Though studies show that individuals often generate more ideas with more details when they use LLMs, groups of people produce fewer and less creative ideas when they use LLMs than when they simply combine their collective powers, note the researchers.
“Even if people are not the first-hand users of LLMs, LLMs are still going to affect them indirectly,” says Sourati. “If a lot of people around me are thinking and speaking in a certain way, and I do things differently, I would feel a pressure to align with them, because it would seem like a more credible or socially acceptable way of expressing my ideas.”
Beyond language, studies have shown that after interacting with biased LLMs, people’s opinions become more similar to the LLM that they used. LLMs also favor linear modes of reasoning such as “chain-of-thought reasoning,” which requires models to show step-by-step reasoning. This emphasis reduces the use of intuitive or abstract reasoning styles, which are sometimes more efficient than linear reasoning, the researchers say. They also note that LLMs can alter people’s expectations, which can subtly change the direction of a person’s work.
“Rather than actively steering generation, users often defer to model-suggested continuations, selecting options that seem ‘good enough’ instead of crafting their own, which gradually shifts agency from the user to the model,” says Sourati.

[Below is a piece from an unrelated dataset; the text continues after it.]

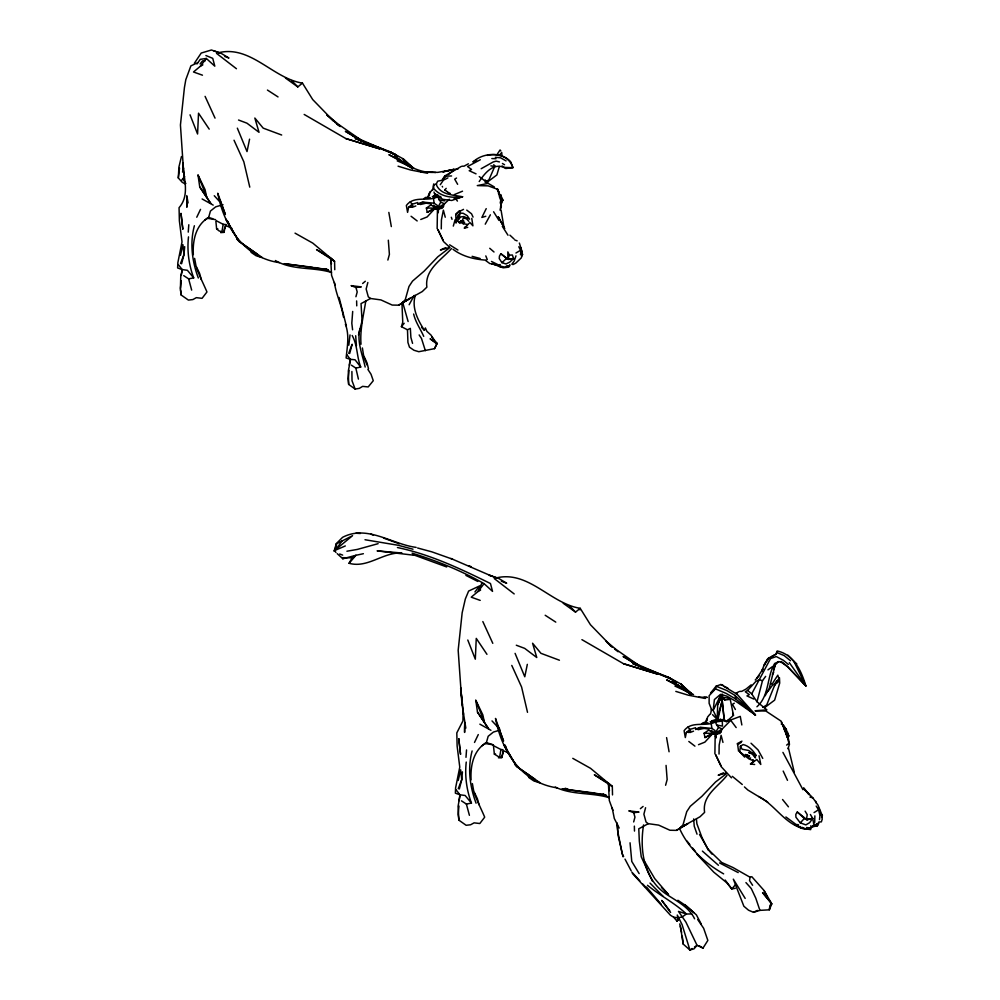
<?xml version="1.0" encoding="UTF-8"?>
<svg xmlns="http://www.w3.org/2000/svg" width="1000" height="1000" viewBox="0 0 1000 1000"><rect width="100%" height="100%" fill="white"/><g stroke="black" fill="none" stroke-linecap="round" stroke-linejoin="round"><path stroke-width="1.5" d="M464.65 726.462L464.6 732.425L464.688 722.3M186.95 197.113L186.85 207.237L186.9 201.262M719.025 754.075L719.163 745.125L721.112 735.337L722.975 742.425M441.275 228.875L441.413 219.938L443.375 210.138L445.238 217.225M225.45 225.538L224.025 232.35L219.163 230.963L216.625 228.925L215.875 221.188M503.188 750.738L501.775 757.55L499.6 757.35L494.363 754.125L493.363 744.862L486.4 742.613L481.562 746.038M193.337 254.7C192.512 240.775 195.637 224.975 208.663 217.425L210.425 211.088L215.675 206.85L223 204.7M471.087 779.887C470.275 765.975 473.375 750.175 486.4 742.613L488.175 736.287L493.425 732.05L499.288 730.325M361.012 344.212C359.85 329.45 363.587 315.438 365.75 301.125M819.488 819.625L820.512 811.25L817.975 805.088L812.837 797.875L803.875 788.737M412.562 343.363L410.9 337.475L410.337 328.363L407.488 329.8L407.925 342.45L409.487 347.188L413.938 350.25L418.8 351.712L434.5 348.663L437.062 343.462L431.763 336.75M502.038 156.363L501.712 152.5L499.113 155.6M787.275 736.888L786 728.975L787.025 736.787M643.562 824.925C639.55 849.75 643.575 878.713 665.95 893.925C676.413 901.062 688.787 906.75 694.575 918.775M184.862 183.762L182.237 182.288L178.312 177.963L178.912 167.037L181.45 156.537M221.863 232.15L223.175 224.325L216.537 220.863M499.6 757.35L500.925 749.525L494.288 746.075M814.862 815.875L814.7 822.337L813.525 823.612M188.5 236.863C186.95 250.775 188.825 264.825 193.7 277.887L188.625 278.85L183.725 275.65M466.25 762.062C464.688 775.962 466.575 790.025 471.45 803.088L466.375 804.05L461.475 800.85M438.45 209.788L438.25 212.75L436.812 208.4M716.188 734.987L716 737.95L714.55 733.6M352.688 311.438L351.812 323.263L352.6 329.8M465.988 757.325L466.538 749.95M188.238 232.125L188.8 224.75M437.425 211.025L437.15 228.7M715.163 736.225L714.9 753.9M184.688 246.663L184 254.488L181.588 263.788M462.425 771.862L461.737 779.688L459.325 788.988M765.913 692.675L768.35 690.85L772.788 684.712L772.987 682.675L777.8 675.188L779.038 678.913M458.738 217.175L463.888 216.55L469.613 219.175L467.2 215.65L463.188 213.3L460.2 213.137L458.525 219.412L459.875 217.963M181.225 280.8L180.375 289.288L181.175 295.012L188.388 300.087L192.875 299.562L196.35 297.65L202.075 298.337L206.962 291.962C203.5 283.812 199.575 276.363 196.637 267.938M458.975 806L458.125 814.488L458.925 820.2L466.138 825.288L470.625 824.762L474.1 822.85L479.812 823.525L484.7 817.163C481.238 809.013 477.337 801.562 474.375 793.138M723.625 719.95L717.837 720L713.162 710.425L714.412 699.538L720.512 694.338L726.787 696.137L735.987 701.4L755.462 715.013L736.275 693.275M771.388 656.688L776.25 654.038L777.175 650.95C794.05 654.688 801.35 670.888 805.863 685.925L786.95 666.05L781.25 661.5M493.862 263.663L490.913 263.7L504.8 267.162L509.675 265.775L509.812 264.55M348.812 345.2L350.025 334.925M429.738 191.975L429.325 195.425L427.163 197.6M178.312 177.963L179.537 168.038M349.05 370.4L348.013 378.787L348.663 384.412L355.125 389.062L359.312 388.363L362.638 386.362L368.188 386.95L373.275 380.7L371.012 374.225L367.9 369.425M744.587 757.1L739.725 751.787L740.413 746.25L743.138 744.562C748.95 745.888 753.312 750.725 756.275 755.675L748.737 750.487L742.163 749.25L740.413 746.25M237.113 238.137L236.962 239.35L238.012 239.925M514.862 763.337L514.7 764.55L515.75 765.113M500.5 203.05L501.075 198.688L502.362 198.738L502.75 200.263L500.5 203.05L502.75 200.263M467.4 224.412L463.263 223.75L464.625 222.275M181.312 275.462L182.188 269.587L187.387 270.287L193.7 277.887M459.062 800.662L459.925 794.788L465.138 795.487L471.45 803.088M769.875 906.087L769.312 909.812L759.912 910.375L753.525 912.312L748.55 910.225L743.85 906.225L733.325 879.163L745.175 898.413M194.375 225.75C189.713 243.113 192.087 261.325 198.325 278M472.113 750.938C467.463 768.3 469.825 786.525 476.075 803.188M349.263 365.138L350.238 359.312L355.037 359.787L360.712 367.025L355.838 368.1L351.4 365.163M710.675 713.725L711.45 709.125M770.975 902.65L771.775 903.95L762.562 892.625L770.975 902.65L769.312 909.812L771.775 903.95L764.188 890.638L751.812 876.712L750.088 877.25L749.538 880.55L752.6 885.275M432.675 190.062L433.7 183.925M336.275 543.925L334.137 550.95L334.988 551.25L335.112 550.062L352.575 535.675L336.275 543.925L334.988 551.25L335.95 552.463M787.862 739.525L788.363 736.85M345.375 324.212C349.613 335.175 347.212 346.875 346.125 357.95L350.55 359.475L348.325 370.962L348.663 384.412M579.925 609.862L580.212 608.325C550.35 603.525 528.387 569.963 496.037 577.975M500.075 210.15L500.675 207.075M197.787 62.638L190.888 65.875L185.812 79.662L184.425 87.562L180.438 125.025L183.3 167.075L182.938 162.787C183.287 177.812 190.35 194.725 179.062 207.7L179.375 220.863L182.025 241.9L177.85 262.688L177.625 267.95L182.35 269.662L180.775 275.963L180.425 288.425M463.113 709.4L462.925 720.925L456.812 732.887L457.125 746.05L459.775 767.1L455.6 787.887L455.375 793.15L460.1 794.862L458.05 806.45L458.925 820.2M417.887 202.5L412.137 204.213L408.6 207.35L407.587 212.362L406.35 205.5C413.963 195.188 428.113 201.962 437.65 196.788L440.4 196.425M695.638 727.7L689.875 729.412L686.35 732.55L685.325 737.562L684.1 730.688C691.712 720.375 705.863 727.163 715.4 721.988L722.275 721.087L722.475 726.087L716.675 725.013L715.4 721.988L710.088 721.825L716.363 720.6L722.275 721.087L720.325 719M249.575 139.162L247.025 151.575L237.35 128.162M527.325 664.35L524.775 676.775L515.087 653.363M787.887 655.163L793.962 661.488L805.863 685.925L787.775 666.862L782.138 662.75L778.763 661.575L774.712 663.462C766.587 676.7 769.625 695.675 756.938 706.762M765.1 695.85L769.225 688.35L775.212 664.8L778.562 661.663M415.312 295.438C411.388 307.688 417.9 320.262 424.387 330.262L425.375 327.962L426.863 331.3L431.05 335.125L434 340.15M500.938 208.188L500.737 203.837L501.512 203.088M741.838 724.95L740.275 716.388L726.413 721.612L724.175 719.475L717.837 720L722.125 700.812L721.712 695.938L717.688 704.712L717.262 718.35L722.125 700.812L721.475 698.35M180.487 255.3L182.913 244.625L184 254.488L180.5 263.525M458.225 780.5L460.662 769.825L461.737 779.688L458.25 788.725M520.65 247.65L522.537 254.425L521.237 257.95L515.725 263.175L512.888 264.625M365.175 367.038C362.45 354.7 356.788 341.7 359.888 329.075M673.637 917.212L677.05 921.162L677.837 917.788L673.637 917.212L670.4 915.2L632.4 873.363M711.9 710.487L709.125 703.337L709.137 695.725L715.438 688.863L716.075 686.225L720.7 684.55L722.75 684.925M786.65 745.113L788.875 743.312L787.837 738.625L781.237 721.237L765.9 711.062L755.037 710.788L766.888 709.85L757 701.762L762.475 680.725L765.65 676.375M355.925 296.737L357.2 291.95L355.962 287.512L351.075 285.637L361.262 286.887L355.962 287.512M349.663 353.537L352.137 344.263L348.713 353.35M521.038 248.388L520.562 254.513L521.9 255.1M633.675 821.938L634.95 817.138L633.7 812.7L628.812 810.837L639.012 812.087L633.7 812.7M387.863 260.062L389.4 254.375L388.325 240.2M665.6 785.25L667.15 779.575L666.062 765.4M722.262 694.15L719.887 696.75L717.688 704.712L722.45 694.55M182.525 172.05L183.637 168.038M453.3 226.1L455.1 219.75L456.012 222.8L457.925 215.35L460.2 213.137M407.488 329.8L401.413 326.675L402.75 322.163L401.95 302.938M499.375 166.462L496.875 174.95L486.788 182.5L485.188 179.938M787.938 748.787L789.463 744.275L788.425 738.75M705.625 722.4L706.688 719.062M427.875 197.2L428.95 193.863L432.4 189.562M358.512 334.925L362.075 320.913L361.037 303.612L370.513 298.488L380.925 299.913L392.2 305.062L398.688 305.175L410.012 298.412L398.688 305.175M495 165.9L488.95 179.788L485.075 182.188M773.5 669.95L775.413 664.325M822.375 815.35L821.663 817.362L822.375 815.35L818.225 807.6M509.4 255.113L507.887 259.275L513.575 258.55L512.375 255.012L509.4 255.113L507.837 251.9L507.887 259.275L513.575 258.55L509.725 262.125L506 263.975L501.925 262.65L499.25 258.6L499.438 256.15L500.838 253.738L508.387 259.55M515.975 255.837L514.2 261.038L511.825 264.212M520.562 254.513L521.912 251.175L519.35 243.05M434.5 348.663L437.062 343.462L430.112 338.787L436.575 343.675M503.562 750.962L501.775 757.55L498.425 757.812M443.188 179.725L444.913 175.888L461.125 166.525M481.875 583.112L478.113 591.438L471.225 597.175L480.2 600.388M787.712 738.388L788.825 735.95L787.463 731.988M645.575 807.725L643.888 814.188L646.05 822.05L648.25 823.675L658.662 825.113L669.938 830.25L676.438 830.375L687.763 823.612L676.438 830.375M367.837 282.525L366.15 289L368.312 296.85L370.513 298.488M196.762 217.237L200.525 209.375M474.513 742.438L478.275 734.575M713.162 710.425L719.887 696.75M486.225 208.637L481.875 217.45L485.8 216.275M463.387 222.9L460.85 220.812L462.05 220.837L463.462 218.125L467.312 218.238M764.538 707.7L774.625 700.138L779.712 683.075L779.45 677.7L774.938 684.45L766.7 704.987L762.812 707.387M757 701.762L751.7 693.888L770.5 658.6L776.25 656.538L783.288 660.275L788.388 664.412M817.55 825.65L818.863 823.213L812.95 826.35L817.55 825.65L811.675 827.075M409.137 304.738L414.212 295.4M485.238 224.175L490.387 214.812M414.575 555.3L377.1 550.875L401.912 553.013C383.062 551.962 367.837 568.538 349.075 563.288L352.088 557.812L355.938 555.288L363.375 553.713M716.675 725.013L718.512 727.35L715.238 733.213L716.038 734.237L720 733.4L722.212 729L730.75 720.35L736.175 727.575M438.612 195.4L432.337 196.625L437.65 196.788L440.775 202.15L437.5 208.025L438.288 209.037L442.25 208.2L444.462 203.8L449.35 199.213M772.375 674.688L773.662 672.4M440.288 184.713L443.387 180.162L447.925 177.887M496.625 155.15L500.062 149.987L500.838 150.938M194.375 63.25L201.213 53.05L211.425 50L219.1 52.613M521.5 256.087L522.537 254.425M765.55 663.25L764.125 665.525L767.738 658.675L776.25 654.038M766.988 660.962L769.137 657.537L764.788 663.475L761.65 671.287L762.95 669.1L756.712 678.288M813.612 823.025L812.712 818.4L807.125 819.875L804.35 818.475L797.288 812.013L795.812 814.35L795.925 817.212L800.288 822.85L805.837 824.9L809.6 822.7L812.712 818.4L810.387 814.475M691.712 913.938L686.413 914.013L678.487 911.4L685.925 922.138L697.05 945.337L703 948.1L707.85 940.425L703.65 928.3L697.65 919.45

The researchers say that AI developers should intentionally incorporate diversity in language, perspectives, and reasoning into their models. They emphasize that this diversity should be grounded in the diversity that exists within humans globally, rather than introducing random variation.
“If LLMs had more diverse ways of approaching ideas and problems, they would better support the collective intelligence and problem-solving capabilities of our societies,” said Sourati. “We need to diversify the AI models themselves while also adjusting how we interact with them, especially given their widespread use across tasks and contexts, to protect the cognitive diversity and ideation potential of future generations.”